Na wstępie drugiej części artykułu, słowem wprowadzenia konieczne jest podanie kilku słów o samej tematyce filmu będącego adaptacją noweli Henryka Sienkiewicza. Jest rok 1870 , Bartek Słowik chłop z wielkopolskiej wsi Pognębin, zostaje wcielony do armii pruskiej. W mundurze pruskim bierze udział w wojnie francusko – niemieckiej.  Za zasługi w bitwie pod Gravelotte, generał Steinmetz dekoruje Bartka swoim Krzyżem Żelaznym.

/autor opracowania:  Jan Marek Ka/


pic3Źródło zdjęcia : http://www.gloswielkopolski.pl/


Bartek podbudowany docenieniem przez przełożonych jego zasług wojennych, wraca do domu . Wydawało mu się, że jako bohaterowi wojennemu okazany będzie mu teraz szacunek, zwłaszcza, że walczył za Prusy. Jego nadzieje szybko ulegają dramatycznej weryfikacji.
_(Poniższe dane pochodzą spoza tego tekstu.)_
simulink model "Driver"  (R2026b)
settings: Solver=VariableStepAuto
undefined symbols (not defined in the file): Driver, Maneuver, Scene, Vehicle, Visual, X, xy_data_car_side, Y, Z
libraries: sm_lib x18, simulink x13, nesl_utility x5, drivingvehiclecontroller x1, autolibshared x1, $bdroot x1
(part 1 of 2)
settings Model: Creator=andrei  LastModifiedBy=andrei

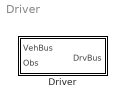
== system Driver ==
  Driver : Subsystem  Variant=on  VariantControlMode=label  VariantControl=Variant1  LabelModeActiveChoice=Closed_Loop  mask(Driver){popup_driver_type=Closed Loop}
      mask prompts: popup_driver_type "Driver"
      mask help: Models driver behavior. Open loop driver specifies positions of accelerator, brake pedal, and steering wheel. Closed loop driver compares current vehicle pose (x, y, theta) and current vehicle speed with target position and speed.
      mask init:
      | set_param(gcb,'LabelModeActiveChoice',strrep(get_param(gcb,'popup_driver_type'),' ','_'));
      settings: AttributesFormatString=%<popup_driver_type>
      mask TypeOptions popup_driver_type: Closed Loop | Closed Loop1 | Open Loop
      mask Display: disp(' ')

== system Driver/Driver ==
  "VehBus " : Inport
  Obs : Inport  Port=2
  Closed Loop : Subsystem  VariantControl=Closed_Loop
  Closed Loop1 : $bdroot/Driver/Closed Loop  SystemSampleTime=-1  VariantControl=Closed_Loop1  VariantActivationTime=update diagram  EmptyChoice=off  PassThrough=off  PassThroughVariantControl=(default)  EmptyChoiceVariantControl=(default)  AllowFlexibleInterface=on  Latency=0  AutoFrameSizeCalculation=off
  Open Loop : Subsystem  VariantControl=Open_Loop
  " DrvBus" : Outport  VectorParamsAs1DForOutWhenUnconnected=off

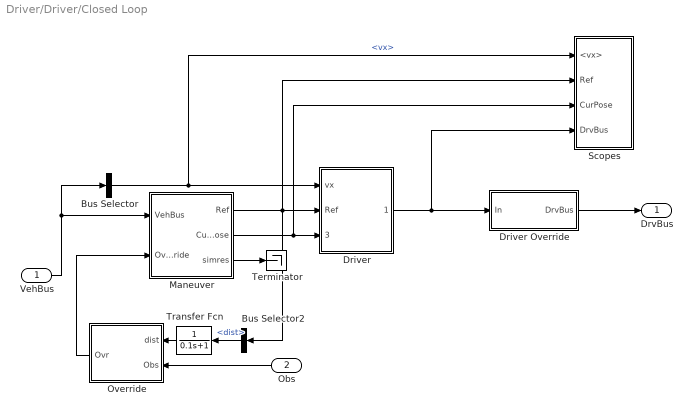
== system Driver/Driver/Closed Loop ==
  VehBus : Inport
  Obs : Inport  Port=2
  Bus Selector : BusSelector  OutputSignals=Chassis.Body.CG.vx
  Bus Selector2 : BusSelector  OutputSignals=dist
  Driver : Subsystem  mask(Driver Behavior){Driver=Driver}
      mask help: Models driver behavior to follow prescribed vehicle trajectory, including path and speed.
  Driver Override : Subsystem  Variant=on  VariantControlMode=label  VariantControl=Choice  LabelModeActiveChoice=None  mask(Override Driver Commands){popup_driver_override=None}
      mask prompts: popup_driver_override "Driver Override"
      mask help: Override closed-loop driver commands with open-loop inputs. Can be applied to steering wheel, accelerator pedal. or brake pedal.
      mask init:
      | curblk = gcb;
      | 
      | set_param(curblk,'LabelModeActiveChoice',get_param(curblk,'popup_driver_override'));
      mask TypeOptions popup_driver_override: None | Override
  Maneuver : Subsystem  mask(Maneuver Follow Trajectory){Maneuver=Maneuver, Value=Maneuver.vGain.Value, popup_window=No}
      mask prompts: Value "vGain"; popup_window "Check only window of trajectory"
      mask help: Determines target pose to follow prescribed trajectory. Prescribed trajectory is vehicle pose (x, y, theta) and speed along the path to be followed. Optional visual of target pose is also provided.
      mask init:
      | if(strcmpi(get_param(gcb,'popup_window'),'yes'))
      |     set_param([gcb '/window only'],'Value','1');
      | else
      |     set_param([gcb '/window only'],'Value','0');
      | end
      mask TypeOptions Value: Target Speed Gain/Value
      mask TypeOptions popup_window: No | Yes
  Override : Subsystem  Variant=on  VariantControlMode=label  VariantControl=Variant1  LabelModeActiveChoice=None  mask(Driver Override){popup_override_type=None}
      mask prompts: popup_override_type "Override Type"
      mask help: Optionally override driver commands based on objects in scene. For example, the state of a traffic light can override driver commands to follow a prescribed speed trajectory.
      mask init:
      | set_param(gcb,'LabelModeActiveChoice',strrep(get_param(gcb,'popup_override_type'),' ','_'));
      settings: AttributesFormatString=%<LabelModeActiveChoice>
      mask TypeOptions popup_override_type: None | Track Mallory Park Obstacle
      mask Display: disp(' ');
  Scopes : Subsystem
  Terminator : Terminator
  Transfer Fcn : TransferFcn  Denominator=[0.1 1]
  DrvBus : Outport  VectorParamsAs1DForOutWhenUnconnected=off
  wires:
  Override/1(" Ovr") -> Maneuver/2(Override)
  Bus Selector/1 -> Driver/1(vx), Scopes/1(<vx>)  "<vx>"
  VehBus/1 -> Maneuver/1(VehBus), Bus Selector/1
  Maneuver/2(CurPose) -> Driver/3(CurPose), Scopes/3(CurPose)
  Maneuver/1(Ref) -> Driver/2(Ref), Scopes/2(Ref), Bus Selector2/1
  Maneuver/3(simres) -> Terminator/1
  Driver Override/1(DrvBus) -> DrvBus/1
  Driver/1(DrvBus) -> Scopes/4(DrvBus), Driver Override/1(In)
  Transfer Fcn/1 -> Override/1("dist ")
  Bus Selector2/1 -> Transfer Fcn/1  "<dist>"
  Obs/1 -> Override/2("Obs ")

== system Driver/Driver/Open Loop ==
  VehBus : Inport
  Obs : Inport  Port=2
  Open Loop : Subsystem  mask{Maneuver=Maneuver}
      mask init:
      | X = [0 0];
      | Y = [0 0];
  Terminator : Terminator
  Terminator1 : Terminator
  DrvBus : Outport  VectorParamsAs1DForOutWhenUnconnected=off
  wires:
  Open Loop/1(DrvBus) -> DrvBus/1
  VehBus/1 -> Terminator/1
  Obs/1 -> Terminator1/1

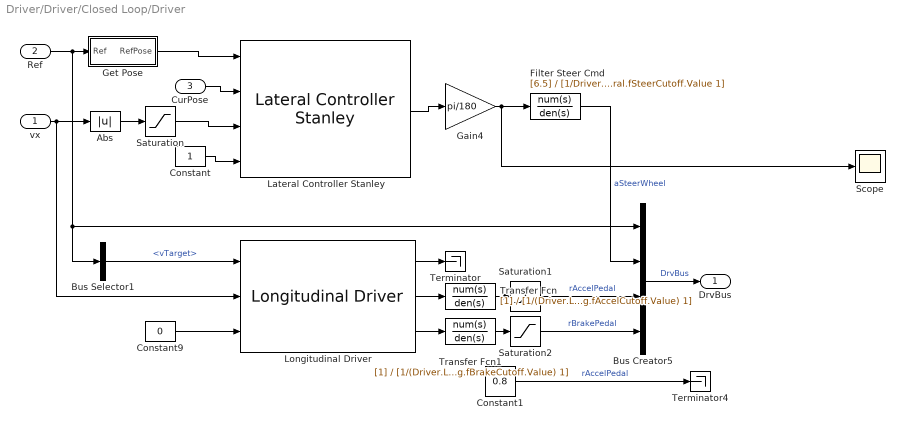
== system Driver/Driver/Closed Loop/Driver ==
  vx : Inport
  Ref : Inport  Port=2
  CurPose : Inport  Port=3
  Abs : Abs  SaturateOnIntegerOverflow=off
  Bus Creator5 : BusCreator  Inputs=4
  Bus Selector1 : BusSelector  OutputSignals=vTarget
  Constant : Constant
  Constant1 : Constant  Value=0.8
  Constant9 : Constant  Value=0
  Filter Steer Cmd : TransferFcn  Numerator=[6.5]  Denominator=[1/Driver.Lateral.fSteerCutoff.Value 1]
  Gain4 : Gain  Gain=pi/180
  Get Pose : Subsystem
  Lateral Controller Stanley : drivingvehiclecontroller/Lateral Controller Stanley  ModelType=Kinematic bicycle model  PositionGainF=0.7  PositionGainR=Driver.Lateral.Stanley.NForward.Value  YawRateGain=0.2  DelayGain=0.2  VehicleMass=1575  Lf=1.2  Lr=1.6  TireStiffness=19000  Wheelbase=1.578  MaxSteeringAngle=27
  Longitudinal Driver : autolibshared/Longitudinal Driver  extAccelOvr=off  extDecelOvr=off  extAccelHld=off  extDecelHld=off  extAccelZero=off  extDecelZero=off  cntrlType=Predictive  shftType=None  velUnits=m/s  gearOut=off  Kp=15  Ki=1  Kff=.05  Kg=.01  VehVelVec=[0 100]  KffVec=[.1 .1]  KpVec=[10 10]  KiVec=[5 5]  KgVec=[0 0]  m=320  Kpt=Driver.Long.FTractive.Value  tau=Driver.Long.tDriver.Value  L=3  aR=Driver.Long.NDragRoll.Value  bR=Driver.Long.NDragAero.Value  cR=Driver.Long.NDragAero.Value  g=Driver.Long.gGravity.Value  vnom=100  Kaw=.1  tauerr=.03  tauPt=2  GearInit=0  tShift=.1  pdlVec=[0.1 0.4 0.5 0.9]  upShftTbl=[-1 12.9375 26.4375 39.9375 51.18749999999999 62.4375 72.84375 83.25;-1 16.3125 29.8125 43.3125 54.5624 65.8125 76.78125 87.75;-1 19.6875 33.1875 46.68749999999999 57.9375 69.1875 80.71875 92.25;-1 33 52.5 77.25 100.5 138.75 161.875 185]  dwnShftTbl=[1 9.5625 23.0625 36.5625 47.8125 59.0625 68.90625 78.75;1 12.9375 26.4375 39.9375 51.18749999999999 62.4375 72.84375 83.25;1 16.3125 29.8125 43.3125 54.562499 65.8125 76.78125 87.75;1 19.6875 33.1875 46.68749999999999 57.9375 69.1875 80.71875 92.25]  tClutch=.5  tRev=.5  tPark=120  aMode=1  UpGearVec="[0  1  2  3  4  5  6  7]"  DownGearVec="[1  2  3  4  5  6  7  8]"
  Saturation : Saturate  UpperLimit=inf  LowerLimit=1e-9  ZeroCross=off
  Saturation1 : Saturate  UpperLimit=1  LowerLimit=0  ZeroCross=off
  Saturation2 : Saturate  UpperLimit=1  LowerLimit=0  ZeroCross=off
  Scope : Scope
      settings: ActiveDisplayYMinimum=-1  ActiveDisplayYMaximum=1  DataLoggingVariableName=ScopeData8
  Terminator : Terminator
  Terminator4 : Terminator
  Transfer Fcn : TransferFcn  Denominator=[1/(Driver.Long.fAccelCutoff.Value) 1]
  Transfer Fcn1 : TransferFcn  Denominator=[1/(Driver.Long.fBrakeCutoff.Value) 1]
  DrvBus : Outport  VectorParamsAs1DForOutWhenUnconnected=off
  wires:
  Gain4/1 -> Filter Steer Cmd/1, Scope/1
  Constant1/1 -> Terminator4/1  "rAccelPedal"
  Saturation2/1 -> Bus Creator5/4  "rBrakePedal"
  Saturation1/1 -> Bus Creator5/3  "rAccelPedal"
  Longitudinal Driver/2 -> Transfer Fcn/1
  Constant9/1 -> Longitudinal Driver/3
  Bus Creator5/1 -> DrvBus/1  "DrvBus"
  Bus Selector1/1 -> Longitudinal Driver/1  "<vTarget>"
  Lateral Controller Stanley/1 -> Gain4/1
  Longitudinal Driver/1 -> Terminator/1
  CurPose/1 -> Lateral Controller Stanley/2
  Longitudinal Driver/3 -> Transfer Fcn1/1
  Abs/1 -> Saturation/1
  Transfer Fcn1/1 -> Saturation2/1
  Transfer Fcn/1 -> Saturation1/1
  vx/1 -> Abs/1, Longitudinal Driver/2
  Ref/1 -> Get Pose/1(Ref), Bus Creator5/1, Bus Selector1/1
  Get Pose/1(RefPose) -> Lateral Controller Stanley/1
  Filter Steer Cmd/1 -> Bus Creator5/2  "aSteerWheel"
  Saturation/1 -> Lateral Controller Stanley/3
  Constant/1 -> Lateral Controller Stanley/4

== system Driver/Driver/Closed Loop/Driver Override ==
  In : Inport
  None : Subsystem  VariantControl=None
  Override : Subsystem  VariantControl=Override
  DrvBus : Outport

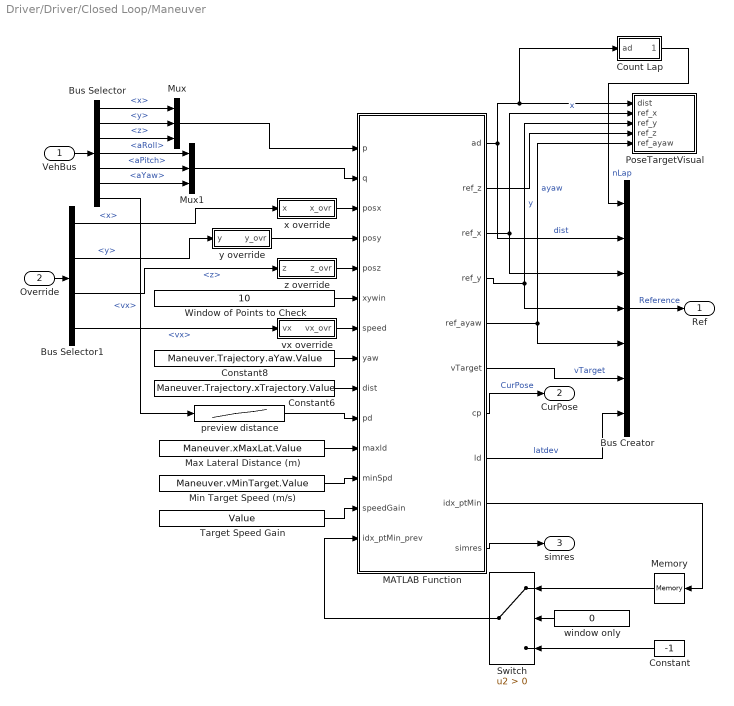
== system Driver/Driver/Closed Loop/Maneuver ==
  VehBus : Inport
  Override : Inport  Port=2
  Bus Creator : BusCreator  Inputs=7
  Bus Selector : BusSelector  OutputSignals=World.x,World.y,World.z,World.aRoll,World.aPitch,World.aYaw,Chassis.Body.CG.vx
  Bus Selector1 : BusSelector  OutputSignals=x,y,z,vx
  Constant : Constant  Value=-1
  Constant6 : Constant  Value=Maneuver.Trajectory.xTrajectory.Value
  Constant8 : Constant  Value=Maneuver.Trajectory.aYaw.Value
  Count Lap : Subsystem
  MATLAB Function : MATLAB Function  SystemSampleTime=0.1
  Max Lateral Distance (m) : Constant  Value=Maneuver.xMaxLat.Value
  Memory : Memory  InitialCondition=-1
  Min Target Speed (m/s) : Constant  Value=Maneuver.vMinTarget.Value
  Mux : Mux  Inputs=3
  Mux1 : Mux  Inputs=3
  PoseTargetVisual : Subsystem
  Switch : Switch  Criteria=u2 > Threshold  SaturateOnIntegerOverflow=off  InputSameDT=off
  Target Speed Gain : Constant  Value=Value
  Window of Points to Check : Constant  Value=10
  preview distance : Lookup_n-D  NumberOfTableDimensions=1  BreakpointsForDimension1=Maneuver.xPreview.v.Value  Table=Maneuver.xPreview.x.Value  InternalRulePriority=Speed  RndMeth=Simplest
  vx override : Subsystem
  window only : Constant  Value=0
  x override : Subsystem
  y override : Subsystem
  z override : Subsystem
  Ref : Outport  VectorParamsAs1DForOutWhenUnconnected=off
  CurPose : Outport  Port=2  VectorParamsAs1DForOutWhenUnconnected=off
  simres : Outport  Port=3  VectorParamsAs1DForOutWhenUnconnected=off
  wires:
  Count Lap/1(lapC) -> Bus Creator/1  "nLap"
  MATLAB Function/8(ld) -> Bus Creator/7  "latdev"
  Min Target Speed (m/s)/1 -> MATLAB Function/12(minSpd)
  Target Speed Gain/1 -> MATLAB Function/13(speedGain)
  Max Lateral Distance (m)/1 -> MATLAB Function/11(maxld)
  Bus Selector/1 -> Mux/1  "<x>"
  Bus Selector/6 -> Mux1/3  "<aYaw>"
  Bus Selector/4 -> Mux1/1  "<aRoll>"
  Constant8/1 -> MATLAB Function/8(yaw)
  Bus Selector/7 -> preview distance/1  "<vx>"
  Mux1/1 -> MATLAB Function/2(q)
  Bus Selector/5 -> Mux1/2  "<aPitch>"
  Constant6/1 -> MATLAB Function/9(dist)
  Mux/1 -> MATLAB Function/1(p)
  Bus Selector/3 -> Mux/3  "<z>"
  y override/1(y_ovr) -> MATLAB Function/4(posy)
  Bus Selector/2 -> Mux/2  "<y>"
  MATLAB Function/3(ref_x) -> PoseTargetVisual/2(ref_x), Bus Creator/3  "x"
  x override/1(x_ovr) -> MATLAB Function/3(posx)
  MATLAB Function/7(cp) -> CurPose/1  "CurPose"
  preview distance/1 -> MATLAB Function/10(pd)
  VehBus/1 -> Bus Selector/1
  MATLAB Function/4(ref_y) -> PoseTargetVisual/3(ref_y), Bus Creator/4  "y"
  MATLAB Function/5(ref_ayaw) -> PoseTargetVisual/5(ref_ayaw), Bus Creator/5  "ayaw"
  MATLAB Function/1(ad) -> Bus Creator/2, PoseTargetVisual/1(dist), Count Lap/1(ad)  "dist"
  Bus Creator/1 -> Ref/1  "Reference"
  MATLAB Function/6(vTarget) -> Bus Creator/6  "vTarget"
  MATLAB Function/10(simres) -> simres/1
  Window of Points to Check/1 -> MATLAB Function/6(xywin)
  MATLAB Function/9(idx_ptMin) -> Memory/1
  Switch/1 -> MATLAB Function/14(idx_ptMin_prev)
  Constant/1 -> Switch/3
  window only/1 -> Switch/2
  Memory/1 -> Switch/1
  MATLAB Function/2(ref_z) -> PoseTargetVisual/4(ref_z)
  z override/1(z_ovr) -> MATLAB Function/5(posz)
  Override/1 -> Bus Selector1/1
  Bus Selector1/4 -> vx override/1(vx)  "<vx>"
  vx override/1(vx_ovr) -> MATLAB Function/7(speed)
  Bus Selector1/3 -> z override/1(z)  "<z>"
  Bus Selector1/2 -> y override/1(y)  "<y>"
  Bus Selector1/1 -> x override/1(x)  "<x>"

== system Driver/Driver/Closed Loop/Override ==
  "dist " : Inport
  "Obs " : Inport  Port=2
  None : Subsystem  VariantControl=None  mask(No Driver Override){override=Scene.Mallory_Park_Obstacle.Override}
      mask prompts: override "Override parameters (structure)"
      mask help: Driver commands are not overridden, regardless of inputs to subsystem.
  " Ovr" : Outport  VectorParamsAs1DForOutWhenUnconnected=off

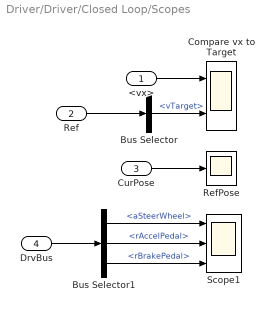
== system Driver/Driver/Closed Loop/Scopes ==
  <vx> : Inport
  Ref : Inport  Port=2
  CurPose : Inport  Port=3
  DrvBus : Inport  Port=4
  Bus Selector : BusSelector  OutputSignals=vTarget
  Bus Selector1 : BusSelector  OutputSignals=aSteerWheel,rAccelPedal,rBrakePedal
  Compare vx to Target : Scope  NumInputPorts=2
      settings: ActiveDisplayYMinimum=-4.79181  ActiveDisplayYMaximum=0.54534
  RefPose : Scope
      settings: ActiveDisplayYMinimum=-598.75829  ActiveDisplayYMaximum=469.37365
  Scope1 : Scope  NumInputPorts=3
      settings: ActiveDisplayYMinimum=-1.19495  ActiveDisplayYMaximum=0.13277  DataLoggingVariableName=ScopeData2
  wires:
  Ref/1 -> Bus Selector/1
  Bus Selector/1 -> Compare vx to Target/2  "<vTarget>"
  CurPose/1 -> RefPose/1
  Bus Selector1/3 -> Scope1/3  "<rBrakePedal>"
  <vx>/1 -> Compare vx to Target/1
  Bus Selector1/2 -> Scope1/2  "<rAccelPedal>"
  Bus Selector1/1 -> Scope1/1  "<aSteerWheel>"
  DrvBus/1 -> Bus Selector1/1

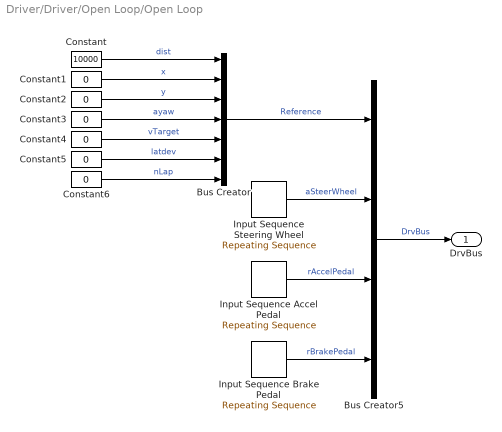
== system Driver/Driver/Open Loop/Open Loop ==
  Bus Creator : BusCreator  Inputs=7
  Bus Creator5 : BusCreator  Inputs=4
  Constant : Constant  Value=10000
  Constant{1..6} (6 alike) : Constant  Value=0
  Input Sequence Accel Pedal : simulink/Sources/Repeating Sequence  rep_seq_t=Maneuver.Accel.t.Value  rep_seq_y=Maneuver.Accel.rPedal.Value
  Input Sequence Brake Pedal : simulink/Sources/Repeating Sequence  rep_seq_t=Maneuver.Brake.t.Value  rep_seq_y=Maneuver.Brake.rPedal.Value
  "Input Sequence Steering Wheel " : simulink/Sources/Repeating Sequence  rep_seq_t=Maneuver.Steer.t.Value  rep_seq_y=Maneuver.Steer.aWheel.Value
  DrvBus : Outport  VectorParamsAs1DForOutWhenUnconnected=off
  wires:
  Bus Creator5/1 -> DrvBus/1  "DrvBus"
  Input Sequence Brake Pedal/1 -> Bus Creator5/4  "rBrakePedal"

pic2Źródło zdjęcia : http://www.gloswielkopolski.pl/


Po tym, jak niemiecki nauczyciel zwyzywał jego syna od „polskich świń”, Bartek udaje się do tegoż „pedagoga” i dopuszcza się jego pobicia. Za ten czyn zostaje skazany na więzienie i dodatkowo wymierzono mu karę pieniężną. Niestety Bartek nie ma dość pieniędzy, zostaje zmuszony do opuszczenia i tak zadłużonego już gospodarstwa, które po jakimś czasie zostaje wystawione na licytację. Bartek z rodziną w poszukiwaniu pracy opuszcza wieś.

pic1Źródło zdjęcia : http://www.gloswielkopolski.pl/


W „Kronice Miasta Poznania” w numerze 4 z 1981 roku,  profesor Małgorzata Hendrykowska – historyk filmu i kultury filmowej – zamieściła artykuł : „Twórczość filmowa w Poznaniu w latach 1918-1939. Film w Poznaniu i Poznań w filmie.”. Wśród wielu prezentowanych tu wątków, znajdujemy dużo informacji o filmie „Bartek Zwycięzca”.

„Przez taką ogólnie niechętną lub w najlepszym przypadku obojętną opinię publiczności przebijał się sześcioklatkowy film „Bartek Zwycięzca” według scenariusza i w reżyserii Edwarda Puchalskiego, ze zdjęciami Zbigniewa Jaszcza, zrealizowany w Poznańskiej Wytwórni Filmowej (1923). …    … Do filmu tego, w celu nadania aktualnego wymiaru niektórym wydarzeniom historycznym wmontowano zdjęcia dokumentalne z uroczystości sojuszu polsko-francuskiego, obrazy podniosłych scen po zawarciu pokoju w Paryżu i zdjęcia z pobytu marszałka Focha w Polsce.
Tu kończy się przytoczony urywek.